[Data excerpts]
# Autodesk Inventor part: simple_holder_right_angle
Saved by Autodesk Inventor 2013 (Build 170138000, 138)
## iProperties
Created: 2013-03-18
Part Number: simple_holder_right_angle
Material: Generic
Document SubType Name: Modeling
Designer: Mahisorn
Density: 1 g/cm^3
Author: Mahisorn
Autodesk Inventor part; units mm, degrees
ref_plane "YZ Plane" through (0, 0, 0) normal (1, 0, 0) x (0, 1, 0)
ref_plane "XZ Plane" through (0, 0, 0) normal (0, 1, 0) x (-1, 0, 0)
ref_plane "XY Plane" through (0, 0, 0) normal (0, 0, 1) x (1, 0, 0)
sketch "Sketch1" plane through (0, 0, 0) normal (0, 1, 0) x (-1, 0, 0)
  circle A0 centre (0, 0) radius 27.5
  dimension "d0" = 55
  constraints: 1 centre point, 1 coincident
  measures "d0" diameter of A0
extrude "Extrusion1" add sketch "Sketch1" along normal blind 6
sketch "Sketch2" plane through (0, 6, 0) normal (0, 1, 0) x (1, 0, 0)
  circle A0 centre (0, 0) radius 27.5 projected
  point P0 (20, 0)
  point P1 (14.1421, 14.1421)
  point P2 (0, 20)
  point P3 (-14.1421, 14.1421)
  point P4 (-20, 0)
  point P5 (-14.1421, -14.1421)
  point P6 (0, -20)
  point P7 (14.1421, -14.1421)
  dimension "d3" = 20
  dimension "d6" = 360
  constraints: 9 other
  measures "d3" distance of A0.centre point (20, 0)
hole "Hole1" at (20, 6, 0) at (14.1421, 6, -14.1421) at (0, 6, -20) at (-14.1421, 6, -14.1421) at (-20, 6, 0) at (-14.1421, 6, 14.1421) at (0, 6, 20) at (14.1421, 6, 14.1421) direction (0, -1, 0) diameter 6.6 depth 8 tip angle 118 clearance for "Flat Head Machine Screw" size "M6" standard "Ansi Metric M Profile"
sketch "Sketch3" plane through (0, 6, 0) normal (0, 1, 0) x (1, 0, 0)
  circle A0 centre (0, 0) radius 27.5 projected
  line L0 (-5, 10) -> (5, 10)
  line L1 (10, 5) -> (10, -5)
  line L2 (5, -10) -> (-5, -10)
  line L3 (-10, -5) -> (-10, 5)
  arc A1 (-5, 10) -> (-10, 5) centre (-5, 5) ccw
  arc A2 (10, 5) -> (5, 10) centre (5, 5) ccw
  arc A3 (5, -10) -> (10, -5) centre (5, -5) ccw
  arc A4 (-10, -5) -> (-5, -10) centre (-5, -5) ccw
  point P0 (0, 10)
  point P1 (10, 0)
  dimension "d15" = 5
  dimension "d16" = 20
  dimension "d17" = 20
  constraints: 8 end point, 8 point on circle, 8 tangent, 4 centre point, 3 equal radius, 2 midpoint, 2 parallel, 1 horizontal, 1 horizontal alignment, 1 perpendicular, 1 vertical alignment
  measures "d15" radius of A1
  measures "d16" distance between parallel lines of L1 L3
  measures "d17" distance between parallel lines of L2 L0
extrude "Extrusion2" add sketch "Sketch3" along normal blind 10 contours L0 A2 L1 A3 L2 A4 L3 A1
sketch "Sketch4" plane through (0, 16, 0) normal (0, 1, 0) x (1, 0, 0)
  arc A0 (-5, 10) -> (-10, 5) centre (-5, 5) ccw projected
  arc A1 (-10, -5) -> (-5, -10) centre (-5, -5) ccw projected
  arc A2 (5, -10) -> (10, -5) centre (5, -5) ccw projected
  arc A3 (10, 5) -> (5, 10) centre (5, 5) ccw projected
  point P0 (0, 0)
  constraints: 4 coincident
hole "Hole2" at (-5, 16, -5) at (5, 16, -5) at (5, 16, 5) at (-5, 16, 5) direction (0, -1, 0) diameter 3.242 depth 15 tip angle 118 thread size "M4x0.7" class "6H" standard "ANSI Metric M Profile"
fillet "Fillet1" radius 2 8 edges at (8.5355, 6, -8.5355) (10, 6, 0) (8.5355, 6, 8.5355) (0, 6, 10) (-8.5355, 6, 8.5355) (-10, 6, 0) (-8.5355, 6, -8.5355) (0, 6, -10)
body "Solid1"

* EXERCISE DIRECTIONS:
Once you have read the records above, please copy them out exactly.

* EXERCISE ANSWER:
# Autodesk Inventor part: simple_holder_right_angle
Saved by Autodesk Inventor 2013 (Build 170138000, 138)
## iProperties
Created: 2013-03-18
Part Number: simple_holder_right_angle
Material: Generic
Document SubType Name: Modeling
Designer: Mahisorn
Density: 1 g/cm^3
Author: Mahisorn
Autodesk Inventor part; units mm, degrees
ref_plane "YZ Plane" through (0, 0, 0) normal (1, 0, 0) x (0, 1, 0)
ref_plane "XZ Plane" through (0, 0, 0) normal (0, 1, 0) x (-1, 0, 0)
ref_plane "XY Plane" through (0, 0, 0) normal (0, 0, 1) x (1, 0, 0)
sketch "Sketch1" plane through (0, 0, 0) normal (0, 1, 0) x (-1, 0, 0)
  circle A0 centre (0, 0) radius 27.5
  dimension "d0" = 55
  constraints: 1 centre point, 1 coincident
  measures "d0" diameter of A0
extrude "Extrusion1" add sketch "Sketch1" along normal blind 6
sketch "Sketch2" plane through (0, 6, 0) normal (0, 1, 0) x (1, 0, 0)
  circle A0 centre (0, 0) radius 27.5 projected
  point P0 (20, 0)
  point P1 (14.1421, 14.1421)
  point P2 (0, 20)
  point P3 (-14.1421, 14.1421)
  point P4 (-20, 0)
  point P5 (-14.1421, -14.1421)
  point P6 (0, -20)
  point P7 (14.1421, -14.1421)
  dimension "d3" = 20
  dimension "d6" = 360
  constraints: 9 other
  measures "d3" distance of A0.centre point (20, 0)
hole "Hole1" at (20, 6, 0) at (14.1421, 6, -14.1421) at (0, 6, -20) at (-14.1421, 6, -14.1421) at (-20, 6, 0) at (-14.1421, 6, 14.1421) at (0, 6, 20) at (14.1421, 6, 14.1421) direction (0, -1, 0) diameter 6.6 depth 8 tip angle 118 clearance for "Flat Head Machine Screw" size "M6" standard "Ansi Metric M Profile"
sketch "Sketch3" plane through (0, 6, 0) normal (0, 1, 0) x (1, 0, 0)
  circle A0 centre (0, 0) radius 27.5 projected
  line L0 (-5, 10) -> (5, 10)
  line L1 (10, 5) -> (10, -5)
  line L2 (5, -10) -> (-5, -10)
  line L3 (-10, -5) -> (-10, 5)
  arc A1 (-5, 10) -> (-10, 5) centre (-5, 5) ccw
  arc A2 (10, 5) -> (5, 10) centre (5, 5) ccw
  arc A3 (5, -10) -> (10, -5) centre (5, -5) ccw
  arc A4 (-10, -5) -> (-5, -10) centre (-5, -5) ccw
  point P0 (0, 10)
  point P1 (10, 0)
  dimension "d15" = 5
  dimension "d16" = 20
  dimension "d17" = 20
  constraints: 8 end point, 8 point on circle, 8 tangent, 4 centre point, 3 equal radius, 2 midpoint, 2 parallel, 1 horizontal, 1 horizontal alignment, 1 perpendicular, 1 vertical alignment
  measures "d15" radius of A1
  measures "d16" distance between parallel lines of L1 L3
  measures "d17" distance between parallel lines of L2 L0
extrude "Extrusion2" add sketch "Sketch3" along normal blind 10 contours L0 A2 L1 A3 L2 A4 L3 A1
sketch "Sketch4" plane through (0, 16, 0) normal (0, 1, 0) x (1, 0, 0)
  arc A0 (-5, 10) -> (-10, 5) centre (-5, 5) ccw projected
  arc A1 (-10, -5) -> (-5, -10) centre (-5, -5) ccw projected
  arc A2 (5, -10) -> (10, -5) centre (5, -5) ccw projected
  arc A3 (10, 5) -> (5, 10) centre (5, 5) ccw projected
  point P0 (0, 0)
  constraints: 4 coincident
hole "Hole2" at (-5, 16, -5) at (5, 16, -5) at (5, 16, 5) at (-5, 16, 5) direction (0, -1, 0) diameter 3.242 depth 15 tip angle 118 thread size "M4x0.7" class "6H" standard "ANSI Metric M Profile"
fillet "Fillet1" radius 2 8 edges at (8.5355, 6, -8.5355) (10, 6, 0) (8.5355, 6, 8.5355) (0, 6, 10) (-8.5355, 6, 8.5355) (-10, 6, 0) (-8.5355, 6, -8.5355) (0, 6, -10)
body "Solid1"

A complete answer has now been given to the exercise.